- Work to be completed
Below is a listing. Write out exactly its lines between the one holding "msp.add_circle((7558.83, -4552.21), radius, dxfattribs=at)" and the one holding "msp.add_arc(centre, 1.5, 180, 270, dxfattribs=at)", inclusive.

- Data for the task
+ + +
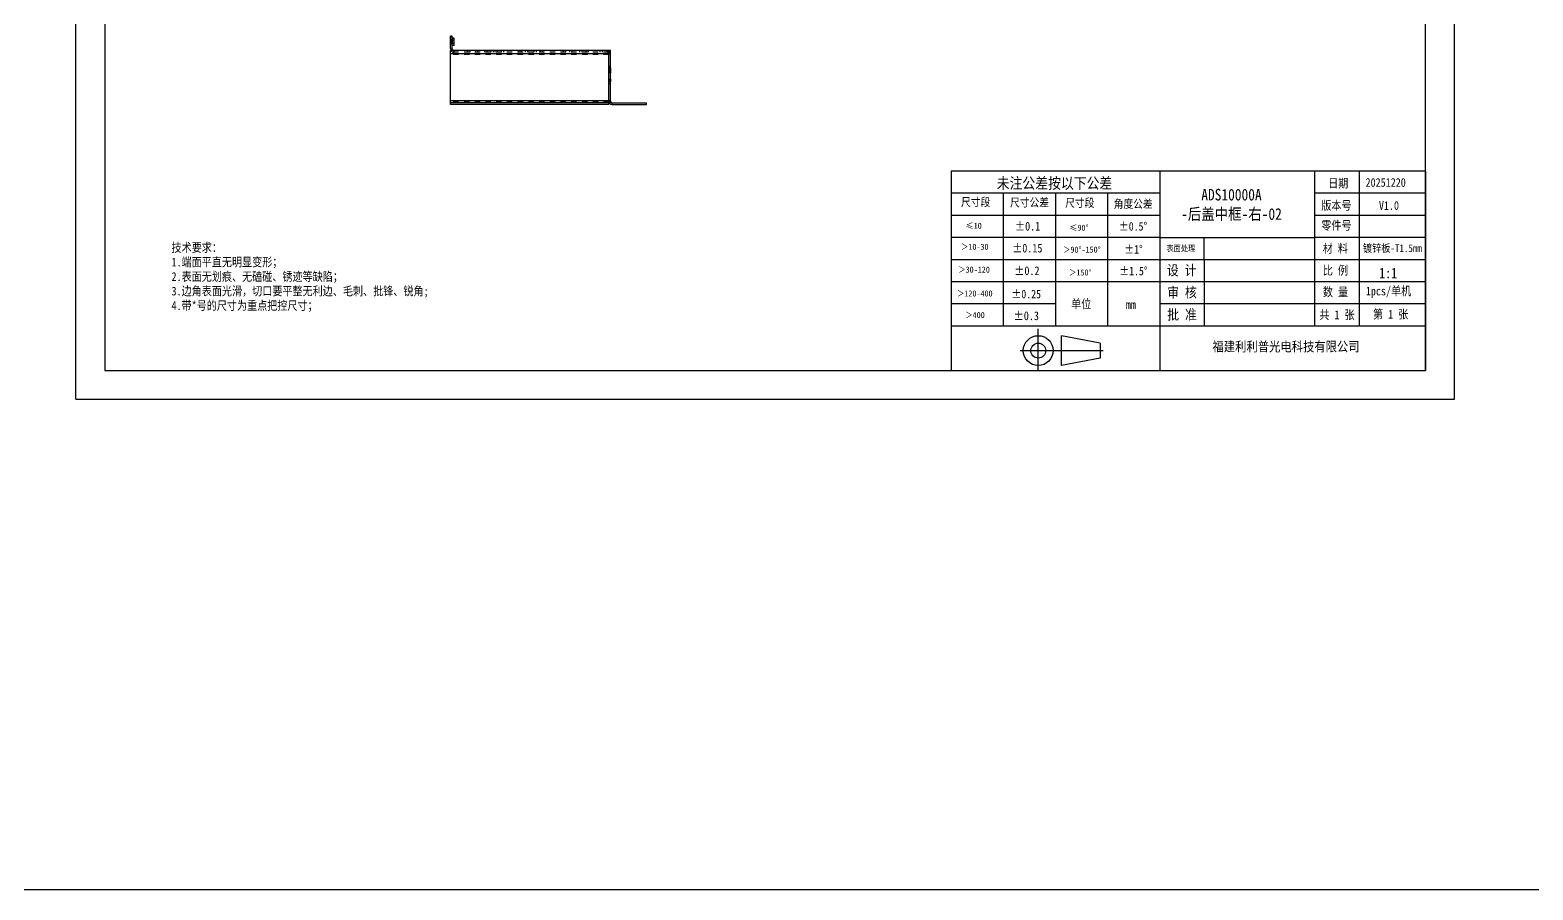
# Model space of a CAD drawing. Header units: millimetres. Extents: x -177 to 18421, y -5017 to 3255.
# Drawn here: x 6689 to 7986, y -5017 to -4276 of the extents above; entities that cross this region are included whole.
import ezdxf

# ---------------------------------------------------------------- set-up
doc = ezdxf.new("R2010")
doc.units = ezdxf.units.MM
doc.header["$LTSCALE"] = 46.255
doc.linetypes.add('HIDDEN', pattern=[0.2, 0.1, -0.1])
doc.layers.get('0').update_dxf_attribs({"linetype": 'CONTINUOUS'})
doc.layers.add('02___PRT_ALL_AXES', color=7, linetype='CONTINUOUS')
doc.layers.add('DEFAULT_2', color=8, linetype='HIDDEN')
doc.styles.get("Standard").update_dxf_attribs({"font": 'txt', "width": 0.85})

msp = doc.modelspace()

# ---------------------------------------------------------------- linework, layer by layer
at = {"color": 7, "linetype": 'Continuous'}
for p, q in [((6728.878, -4594.222), (6728.878, -3753.222)), ((7917.878, -4594.222), (7917.878, -3753.222)), ((7053.488, -4280.889), (7051.988, -4280.889)), ((7053.488, -4281.889), (7051.988, -4281.889)), ((7053.488, -4291.889), (7053.488, -4280.889)), ((7054.938, -4282.726), (7054.938, -4282.737)), ((7054.988, -4282.726), (7054.938, -4282.726)), ((7054.988, -4282.737), (7054.938, -4282.737)), ((7054.938, -4283.033), (7054.938, -4283.001)), ((7054.988, -4283.001), (7054.938, -4283.001)), ((7054.988, -4283.033), (7054.938, -4283.033)), ((7054.938, -4283.164), (7054.938, -4283.114)), ((7054.988, -4283.114), (7054.938, -4283.114)), ((7054.988, -4283.164), (7054.938, -4283.164)), ((7054.938, -4283.301), (7054.938, -4283.258)), ((7054.988, -4283.258), (7054.938, -4283.258)), ((7054.988, -4283.301), (7054.938, -4283.301)), ((7054.938, -4283.664), (7054.938, -4283.738)), ((7054.988, -4283.664), (7054.938, -4283.664)), ((7054.988, -4283.699), (7054.938, -4283.699)), ((7054.988, -4283.713), (7054.938, -4283.713)), ((7054.988, -4283.716), (7054.938, -4283.716)), ((7054.988, -4283.738), (7054.938, -4283.738)), ((7054.938, -4284.502), (7054.938, -4284.92)), ((7054.988, -4284.502), (7054.938, -4284.502)), ((7054.988, -4284.539), (7054.938, -4284.539)), ((7054.988, -4284.632), (7054.938, -4284.632)), ((7054.988, -4284.92), (7054.938, -4284.92)), ((7054.988, -4289.064), (7054.988, -4282.714)), ((7051.988, -4291.889), (7053.488, -4291.889)), ((7051.988, -4339.889), (7051.988, -4293.389)), ((7189.988, -4293.389), (7051.988, -4293.389)), ((7051.988, -4295.989), (7189.988, -4295.989)), ((7051.993, -4292.062), (7053.491, -4291.975)), ((7189.988, -4336.889), (7189.988, -4293.389)), ((7051.988, -4336.539), (7189.988, -4336.539)), ((7188.488, -4338.389), (7051.988, -4338.389)), ((7188.488, -4336.889), (7189.988, -4336.889)), ((7188.488, -4336.889), (7188.488, -4338.263)), ((7188.488, -4339.889), (7188.488, -4338.389)), ((7188.89, -4338.389), (7190.189, -4337.639)), ((7191.488, -4338.389), (7220.988, -4338.389)), ((7191.488, -4339.889), (7191.488, -4338.389)), ((7220.988, -4339.889), (7220.988, -4338.389)), ((6728.878, -4594.222), (7917.878, -4594.222))]:
    msp.add_line(p, q, dxfattribs=at)
at = {"color": 3, "linetype": 'Continuous'}
for p, q in [((7051.988, -4291.889), (7051.988, -4280.889)), ((7188.488, -4336.889), (7188.488, -4293.389)), ((7188.488, -4339.889), (7051.988, -4339.889)), ((7191.488, -4339.889), (7220.988, -4339.889))]:
    msp.add_line(p, q, dxfattribs=at)
for p, q in [((7892.878, -4397.421), (7483.683, -4397.421)), ((7483.683, -4397.421), (7483.683, -4569.222)), ((7663.683, -4397.421), (7663.683, -4569.222)), ((7797.242, -4397.421), (7797.242, -4531.044)), ((7835.611, -4397.421), (7835.611, -4530.408)), ((7892.878, -4397.421), (7892.878, -4569.222)), ((7663.683, -4416.51), (7483.683, -4416.51)), ((7528.683, -4416.51), (7528.683, -4531.017)), ((7573.683, -4416.51), (7573.683, -4531.017)), ((7618.683, -4416.51), (7618.683, -4531.017)), ((7892.878, -4416.51), (7797.242, -4416.51)), ((7663.683, -4435.599), (7483.683, -4435.599)), ((7892.878, -4435.599), (7797.242, -4435.599)), ((7663.683, -4454.688), (7483.683, -4454.688)), ((7663.683, -4454.688), (7797.242, -4454.688)), ((7701.861, -4473.777), (7701.861, -4454.688)), ((7892.878, -4454.688), (7797.242, -4454.688)), ((7663.683, -4473.777), (7483.683, -4473.777)), ((7892.878, -4473.777), (7663.683, -4473.777)), ((7701.861, -4473.777), (7701.861, -4531.044)), ((7892.878, -4492.866), (7483.683, -4492.866)), ((7573.683, -4511.928), (7483.683, -4511.928)), ((7892.878, -4511.955), (7663.683, -4511.955)), ((7663.683, -4531.017), (7483.683, -4531.017)), ((7892.878, -4531.044), (7663.683, -4531.044)), ((7612.116, -4545.775), (7579.04, -4539.34)), ((7612.116, -4545.775), (7612.116, -4558.646)), ((7612.116, -4558.646), (7579.04, -4565.081)), ((7483.683, -4569.222), (7892.878, -4569.222))]:
    msp.add_line(p, q)
at = {"lineweight": -3}
for p, q in [((7558.83, -4568.661), (7558.83, -4533.309)), ((7579.04, -4565.081), (7579.04, -4539.34)), ((7543.121, -4552.21), (7614.906, -4552.21))]:
    msp.add_line(p, q, dxfattribs=at)
msp.add_lwpolyline([(3604.224, -1587.394), (12020.537, -1587.394), (12020.537, -5017.418), (3604.224, -5017.418)], close=True)
msp.add_lwpolyline([(3604.224, -1587.394), (12020.537, -1587.394), (12020.537, -5017.418), (3604.224, -5017.418)], close=True)
at = {"color": 7, "linetype": 'Continuous'}
msp.add_lwpolyline([(6753.878, -4569.222), (7892.878, -4569.222), (7892.878, -3778.222), (6753.878, -3778.222)], close=True, dxfattribs=at)
at = {"lineweight": -3}
for radius in [12.871, 6.435]:
    msp.add_circle((7558.83, -4552.21), radius, dxfattribs=at)
at = {"color": 3, "linetype": 'Continuous'}
for centre, end in [((7054.988, -4291.889), 210.245425), ((7191.488, -4336.889), 270)]:
    msp.add_arc(centre, 3, 180, end, dxfattribs=at)
at = {"color": 7, "linetype": 'Continuous'}
for centre in [(7054.988, -4291.889), (7191.488, -4336.889)]:
    msp.add_arc(centre, 1.5, 180, 270, dxfattribs=at)
at = {"layer": '02___PRT_ALL_AXES', "color": 8, "linetype": 'HIDDEN'}
for p, q in [((7051.988, -4283.789), (7051.988, -4287.989)), ((7053.488, -4283.789), (7051.988, -4283.789)), ((7053.488, -4287.989), (7051.988, -4287.989)), ((7052.118, -4283.779), (7052.118, -4287.999)), ((7052.248, -4283.779), (7052.118, -4283.779)), ((7054.688, -4284.389), (7052.118, -4284.389)), ((7054.688, -4287.389), (7052.118, -4287.389)), ((7052.248, -4287.999), (7052.118, -4287.999)), ((7052.248, -4283.779), (7052.248, -4287.999)), ((7052.638, -4283.979), (7052.248, -4283.779)), ((7052.638, -4287.799), (7052.248, -4287.999)), ((7052.638, -4283.779), (7052.638, -4287.999)), ((7053.488, -4283.779), (7052.638, -4283.779)), ((7053.488, -4287.999), (7052.638, -4287.999)), ((7053.488, -4282.714), (7053.488, -4289.064)), ((7189.988, -4308.389), (7188.488, -4308.389)), ((7188.488, -4308.389), (7188.488, -4320.389)), ((7189.988, -4308.389), (7189.988, -4320.389)), ((7189.988, -4320.389), (7188.488, -4320.389))]:
    msp.add_line(p, q, dxfattribs=at)
at = {"layer": '02___PRT_ALL_AXES', "color": 7, "linetype": 'Continuous'}
for p, q in [((7054.988, -4282.714), (7053.488, -4282.714)), ((7054.988, -4289.064), (7053.488, -4289.064))]:
    msp.add_line(p, q, dxfattribs=at)
at = {"layer": 'DEFAULT_2', "color": 8, "linetype": 'HIDDEN'}
for p, q in [((7054.688, -4284.389), (7052.118, -4284.389)), ((7054.688, -4287.389), (7052.118, -4287.389)), ((7054.688, -4284.389), (7054.988, -4284.089)), ((7054.688, -4284.389), (7054.688, -4287.389)), ((7054.688, -4287.389), (7054.988, -4287.689)), ((7054.938, -4282.737), (7054.938, -4283.001)), ((7054.988, -4282.74), (7054.938, -4282.74)), ((7054.988, -4282.764), (7054.938, -4282.764)), ((7054.988, -4282.797), (7054.938, -4282.797)), ((7054.988, -4282.812), (7054.938, -4282.812)), ((7054.988, -4282.853), (7054.938, -4282.853)), ((7054.988, -4282.864), (7054.938, -4282.864)), ((7054.988, -4282.869), (7054.938, -4282.869)), ((7054.988, -4282.89), (7054.938, -4282.89)), ((7054.988, -4282.899), (7054.938, -4282.899)), ((7054.988, -4282.902), (7054.938, -4282.902)), ((7054.988, -4282.928), (7054.938, -4282.928)), ((7054.988, -4282.936), (7054.938, -4282.936)), ((7054.988, -4282.982), (7054.938, -4282.982)), ((7054.988, -4282.989), (7054.938, -4282.989)), ((7054.988, -4282.99), (7054.938, -4282.99)), ((7054.988, -4283.002), (7054.938, -4283.002)), ((7054.938, -4283.033), (7054.938, -4283.114)), ((7054.988, -4283.066), (7054.938, -4283.066)), ((7054.988, -4283.095), (7054.938, -4283.095)), ((7054.988, -4283.127), (7054.938, -4283.127)), ((7054.938, -4283.164), (7054.938, -4283.258)), ((7054.988, -4283.165), (7054.938, -4283.165)), ((7054.988, -4283.173), (7054.938, -4283.173)), ((7054.988, -4283.177), (7054.938, -4283.177)), ((7054.988, -4283.178), (7054.938, -4283.178)), ((7054.988, -4283.181), (7054.938, -4283.181)), ((7054.988, -4283.189), (7054.938, -4283.189)), ((7054.988, -4283.226), (7054.938, -4283.226)), ((7054.988, -4283.231), (7054.938, -4283.231)), ((7054.988, -4283.237), (7054.938, -4283.237)), ((7054.988, -4283.256), (7054.938, -4283.256)), ((7054.988, -4283.278), (7054.938, -4283.278)), ((7054.988, -4283.293), (7054.938, -4283.293)), ((7054.988, -4283.3), (7054.938, -4283.3)), ((7054.938, -4283.301), (7054.938, -4283.664)), ((7054.988, -4283.305), (7054.938, -4283.305)), ((7054.988, -4283.308), (7054.938, -4283.308)), ((7054.988, -4283.317), (7054.938, -4283.317)), ((7054.988, -4283.337), (7054.938, -4283.337)), ((7054.988, -4283.355), (7054.938, -4283.355)), ((7054.988, -4283.388), (7054.938, -4283.388)), ((7054.988, -4283.417), (7054.938, -4283.417)), ((7054.988, -4283.46), (7054.938, -4283.46)), ((7054.988, -4283.473), (7054.938, -4283.473)), ((7054.988, -4283.506), (7054.938, -4283.506)), ((7054.988, -4283.514), (7054.938, -4283.514)), ((7054.988, -4283.525), (7054.938, -4283.525)), ((7054.988, -4283.547), (7054.938, -4283.547)), ((7054.988, -4283.559), (7054.938, -4283.559)), ((7054.988, -4283.571), (7054.938, -4283.571)), ((7054.988, -4283.576), (7054.938, -4283.576)), ((7054.988, -4283.587), (7054.938, -4283.587)), ((7054.988, -4283.596), (7054.938, -4283.596)), ((7054.988, -4283.604), (7054.938, -4283.604)), ((7054.988, -4283.636), (7054.938, -4283.636)), ((7054.988, -4283.638), (7054.938, -4283.638)), ((7054.988, -4283.643), (7054.938, -4283.643)), ((7054.988, -4283.649), (7054.938, -4283.649)), ((7054.988, -4283.657), (7054.938, -4283.657)), ((7054.988, -4283.697), (7054.938, -4283.697)), ((7054.988, -4283.708), (7054.938, -4283.708)), ((7054.988, -4283.715), (7054.938, -4283.715)), ((7054.988, -4283.723), (7054.938, -4283.723)), ((7054.988, -4283.724), (7054.938, -4283.724)), ((7054.988, -4283.73), (7054.938, -4283.73)), ((7054.938, -4283.738), (7054.938, -4284.502)), ((7054.988, -4283.744), (7054.938, -4283.744)), ((7054.988, -4283.747), (7054.938, -4283.747)), ((7054.988, -4283.788), (7054.938, -4283.788)), ((7054.988, -4283.801), (7054.938, -4283.801)), ((7054.988, -4283.853), (7054.938, -4283.853)), ((7054.988, -4283.855), (7054.938, -4283.855)), ((7054.988, -4283.861), (7054.938, -4283.861)), ((7054.988, -4283.894), (7054.938, -4283.894)), ((7054.988, -4283.91), (7054.938, -4283.91)), ((7054.988, -4283.911), (7054.938, -4283.911)), ((7054.988, -4283.933), (7054.938, -4283.933)), ((7054.988, -4283.941), (7054.938, -4283.941)), ((7054.988, -4283.972), (7054.938, -4283.972)), ((7054.988, -4283.98), (7054.938, -4283.98)), ((7054.988, -4284.005), (7054.938, -4284.005)), ((7054.988, -4284.025), (7054.938, -4284.025)), ((7054.988, -4284.038), (7054.938, -4284.038)), ((7054.988, -4284.041), (7054.938, -4284.041)), ((7054.988, -4284.064), (7054.938, -4284.064)), ((7054.988, -4284.075), (7054.938, -4284.075)), ((7054.988, -4284.079), (7054.938, -4284.079)), ((7054.988, -4284.081), (7054.938, -4284.081)), ((7054.988, -4284.084), (7054.938, -4284.084)), ((7054.988, -4284.098), (7054.938, -4284.098)), ((7054.988, -4284.1), (7054.938, -4284.1)), ((7054.988, -4284.12), (7054.938, -4284.12)), ((7054.988, -4284.133), (7054.938, -4284.133)), ((7054.988, -4284.142), (7054.938, -4284.142)), ((7054.988, -4284.143), (7054.938, -4284.143)), ((7054.988, -4284.155), (7054.938, -4284.155)), ((7054.988, -4284.159), (7054.938, -4284.159)), ((7054.988, -4284.182), (7054.938, -4284.182)), ((7054.988, -4284.184), (7054.938, -4284.184)), ((7054.988, -4284.223), (7054.938, -4284.223)), ((7054.988, -4284.231), (7054.938, -4284.231)), ((7054.988, -4284.237), (7054.938, -4284.237)), ((7054.988, -4284.238), (7054.938, -4284.238)), ((7054.988, -4284.285), (7054.938, -4284.285)), ((7054.988, -4284.298), (7054.938, -4284.298)), ((7054.988, -4284.302), (7054.938, -4284.302)), ((7054.988, -4284.303), (7054.938, -4284.303)), ((7054.988, -4284.308), (7054.938, -4284.308)), ((7054.988, -4284.335), (7054.938, -4284.335)), ((7054.988, -4284.337), (7054.938, -4284.337)), ((7054.988, -4284.353), (7054.938, -4284.353)), ((7054.988, -4284.358), (7054.938, -4284.358)), ((7054.988, -4284.363), (7054.938, -4284.363)), ((7054.988, -4284.365), (7054.938, -4284.365)), ((7054.988, -4284.381), (7054.938, -4284.381)), ((7054.988, -4284.383), (7054.938, -4284.383)), ((7054.988, -4284.399), (7054.938, -4284.399)), ((7054.988, -4284.432), (7054.938, -4284.432)), ((7054.988, -4284.448), (7054.938, -4284.448)), ((7054.988, -4284.451), (7054.938, -4284.451)), ((7054.988, -4284.455), (7054.938, -4284.455)), ((7054.988, -4284.507), (7054.938, -4284.507)), ((7054.988, -4284.796), (7054.938, -4284.796)), ((7054.988, -4284.839), (7054.938, -4284.839)), ((7054.988, -4284.854), (7054.938, -4284.854)), ((7054.988, -4284.901), (7054.938, -4284.901)), ((7054.988, -4284.917), (7054.938, -4284.917)), ((7054.938, -4284.92), (7054.938, -4285.222)), ((7054.988, -4284.951), (7054.938, -4284.951)), ((7054.988, -4284.956), (7054.938, -4284.956)), ((7054.988, -4284.979), (7054.938, -4284.979)), ((7054.988, -4285.017), (7054.938, -4285.017)), ((7054.988, -4285.061), (7054.938, -4285.061)), ((7054.988, -4285.064), (7054.938, -4285.064)), ((7054.988, -4285.068), (7054.938, -4285.068)), ((7054.988, -4285.096), (7054.938, -4285.096)), ((7054.988, -4285.114), (7054.938, -4285.114)), ((7054.988, -4285.115), (7054.938, -4285.115)), ((7054.988, -4285.116), (7054.938, -4285.116)), ((7054.988, -4285.132), (7054.938, -4285.132)), ((7054.988, -4285.133), (7054.938, -4285.133)), ((7054.988, -4285.143), (7054.938, -4285.143)), ((7054.988, -4285.176), (7054.938, -4285.176)), ((7054.988, -4285.186), (7054.938, -4285.186)), ((7054.988, -4285.202), (7054.938, -4285.202)), ((7054.988, -4285.207), (7054.938, -4285.207)), ((7054.988, -4285.222), (7054.938, -4285.222)), ((7188.488, -4294.889), (7051.988, -4294.889)), ((7188.488, -4296.739), (7051.988, -4296.739)), ((7054.988, -4294.889), (7054.988, -4293.389)), ((7066.988, -4294.889), (7066.988, -4293.389)), ((7068.988, -4294.889), (7068.988, -4293.389)), ((7073.488, -4294.889), (7073.488, -4293.389)), ((7075.488, -4294.889), (7075.488, -4293.389)), ((7081.488, -4294.889), (7081.488, -4293.389)), ((7083.488, -4294.889), (7083.488, -4293.389)), ((7086.988, -4294.889), (7086.988, -4293.389)), ((7088.988, -4294.889), (7088.988, -4293.389)), ((7090.488, -4294.889), (7090.488, -4293.389)), ((7092.488, -4294.889), (7092.488, -4293.389)), ((7095.988, -4294.889), (7095.988, -4293.389)), ((7097.988, -4294.889), (7097.988, -4293.389)), ((7110.988, -4294.889), (7110.988, -4293.389)), ((7112.988, -4294.889), (7112.988, -4293.389)), ((7116.488, -4294.889), (7116.488, -4293.389)), ((7118.488, -4294.889), (7118.488, -4293.389)), ((7123.988, -4294.889), (7123.988, -4293.389)), ((7125.988, -4294.889), (7125.988, -4293.389)), ((7129.488, -4294.889), (7129.488, -4293.389)), ((7131.488, -4294.889), (7131.488, -4293.389)), ((7149.488, -4294.889), (7149.488, -4293.389)), ((7151.488, -4294.889), (7151.488, -4293.389)), ((7154.988, -4294.889), (7154.988, -4293.389)), ((7156.988, -4294.889), (7156.988, -4293.389)), ((7163.488, -4294.889), (7163.488, -4293.389)), ((7165.488, -4294.889), (7165.488, -4293.389)), ((7168.988, -4294.889), (7168.988, -4293.389)), ((7170.988, -4294.889), (7170.988, -4293.389)), ((7180.988, -4294.889), (7180.988, -4293.389)), ((7182.988, -4294.889), (7182.988, -4293.389)), ((7186.988, -4294.889), (7186.988, -4293.389)), ((7189.05, -4294.21), (7188.019, -4295.3)), ((7189.988, -4296.389), (7188.488, -4296.389)), ((7188.488, -4306.889), (7189.988, -4306.889)), ((7188.488, -4308.815), (7189.988, -4308.815)), ((7188.488, -4309.812), (7189.988, -4309.812)), ((7188.488, -4318.966), (7189.988, -4318.966)), ((7188.488, -4319.963), (7189.988, -4319.963)), ((7188.488, -4321.889), (7189.988, -4321.889)), ((7188.488, -4337.289), (7051.988, -4337.289)), ((7188.488, -4338.389), (7188.488, -4338.263))]:
    msp.add_line(p, q, dxfattribs=at)
for centre, radius, start, end in [((7054.988, -4291.889), 3, 210.245425, 270), ((7186.988, -4296.389), 3, 0, 90), ((7186.988, -4296.389), 1.5, 0, 90)]:
    msp.add_arc(centre, radius, start, end, dxfattribs=at)

# ---------------------------------------------------------------- texts
for s, insert, char_height, width, attachment_point in [('{\\f宋体|b0|i0|c134|p54;未注公差按以下公差}', (7572.84, -4408.365), 9.5445, 169.57989, 5), ('{\\fSimSun|b0|i0|c134|p54;日期}', (7817.555, -4408.293), 7.5, 56.7, 5), ('{\\fSimSun|b0|i0|c0|p54;2025\\fSimSun|b0|i0|c134|p54;1220}', (7841.163, -4403.411), 7.5, 47.64523, 1), ('{\\fSimSun|b0|i0|c134|p54;ADS10000A\\P-后盖中框-右\\C1;-02}', (7725.499, -4426.603), 10, 104.15153, 5), ('{\\fSimSun|b0|i0|c134|p54;版本号}', (7816.005, -4427.49), 7.5, 56.7, 5), ('{\\fSimSun|b0|i0|c0|p2;V\\fSimSun|b0|i0|c134|p2;1.0}', (7852.661, -4423.287), 7.5, 47.64523, 1), ('{\\fSimSun|b0|i0|c134|p54;零件号}', (7816.003, -4444.712), 7.5, 57.267, 5), ('{\\fSimSun|b0|i0|c134|p54;技术要求：\\P1.端面平直无明显变形；\\P2.表面无划痕、无磕碰、锈迹等缺陷；\\P3.边角表面光滑，切口要平整无利边、毛刺、批锋、锐角;\\P4.\\fSimSun|b0|i0|c134|p34;\\C0;带*号的尺寸为重点把控尺寸\\fSimSun|b0|i0|c134|p54;\\C256;；}', (6811.317, -4459.602), 7.5, 260.45821, 1), ('{\\fSimSun|b0|i0|c134|p54;表面处理}', (7681.859, -4464.302), 5.25, 37.6936, 5), ('{\\fSimSun|b0|i0|c134|p54;材 料}', (7815.056, -4464.55), 7.5, 57.267, 5), ('{\\fSimSun|b0|i0|c134|p54;镀锌板-T1.5mm}', (7864.246, -4464.238), 6.6813, 57.267, 5), ('{\\fSimSun|b0|i0|c134|p54;设 计}', (7682.578, -4483.403), 8.78094, 37.6936, 5), ('{\\fSimSun|b0|i0|c134|p54;比 例}', (7815.187, -4483.51), 7.5, 57.267, 5), ('{\\f宋体|b0|i0|c134|p54;审 核}', (7682.85, -4502.453), 8.78094, 38.178, 5), ('{\\fSimSun|b0|i0|c134|p54;数 量}', (7815.179, -4502.096), 7.5, 81, 5), ('{\\fSimSun|b0|i0|c134|p54;1pcs/单机}', (7860.948, -4501.87), 7.5, 57.267, 5), ('{\\fSimSun|b0|i0|c134|p54;单位}', (7595.869, -4512.381), 7.5, 37.6936, 5), ('{\\fSimSun|b0|i0|c134|p54;mm}', (7638.714, -4512.464), 7.5, 37.6936, 5), ('{\\f宋体|b0|i0|c134|p54;批 准}', (7682.85, -4521.623), 8.78094, 38.178, 5), ('{\\fSimSun|b0|i0|c134|p54;\\H0.85412x;共 1 张\\H1.17079x; }', (7816.499, -4521.821), 8.78094, 38.69293, 5), ('{\\fSimSun|b0|i0|c134|p54;\\H0.85412x;第 1 张\\H1.17079x; }', (7862.779, -4521.304), 8.78094, 41.14746, 5), ('{\\fSimSun|b1|i0|c134|p54;   福建利利普光电科技有限公司}', (7765.264, -4549.17), 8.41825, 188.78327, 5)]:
+ + +
- Exercise output
    msp.add_circle((7558.83, -4552.21), radius, dxfattribs=at)
at = {"color": 3, "linetype": 'Continuous'}
for centre, end in [((7054.988, -4291.889), 210.245425), ((7191.488, -4336.889), 270)]:
    msp.add_arc(centre, 3, 180, end, dxfattribs=at)
at = {"color": 7, "linetype": 'Continuous'}
for centre in [(7054.988, -4291.889), (7191.488, -4336.889)]:
    msp.add_arc(centre, 1.5, 180, 270, dxfattribs=at)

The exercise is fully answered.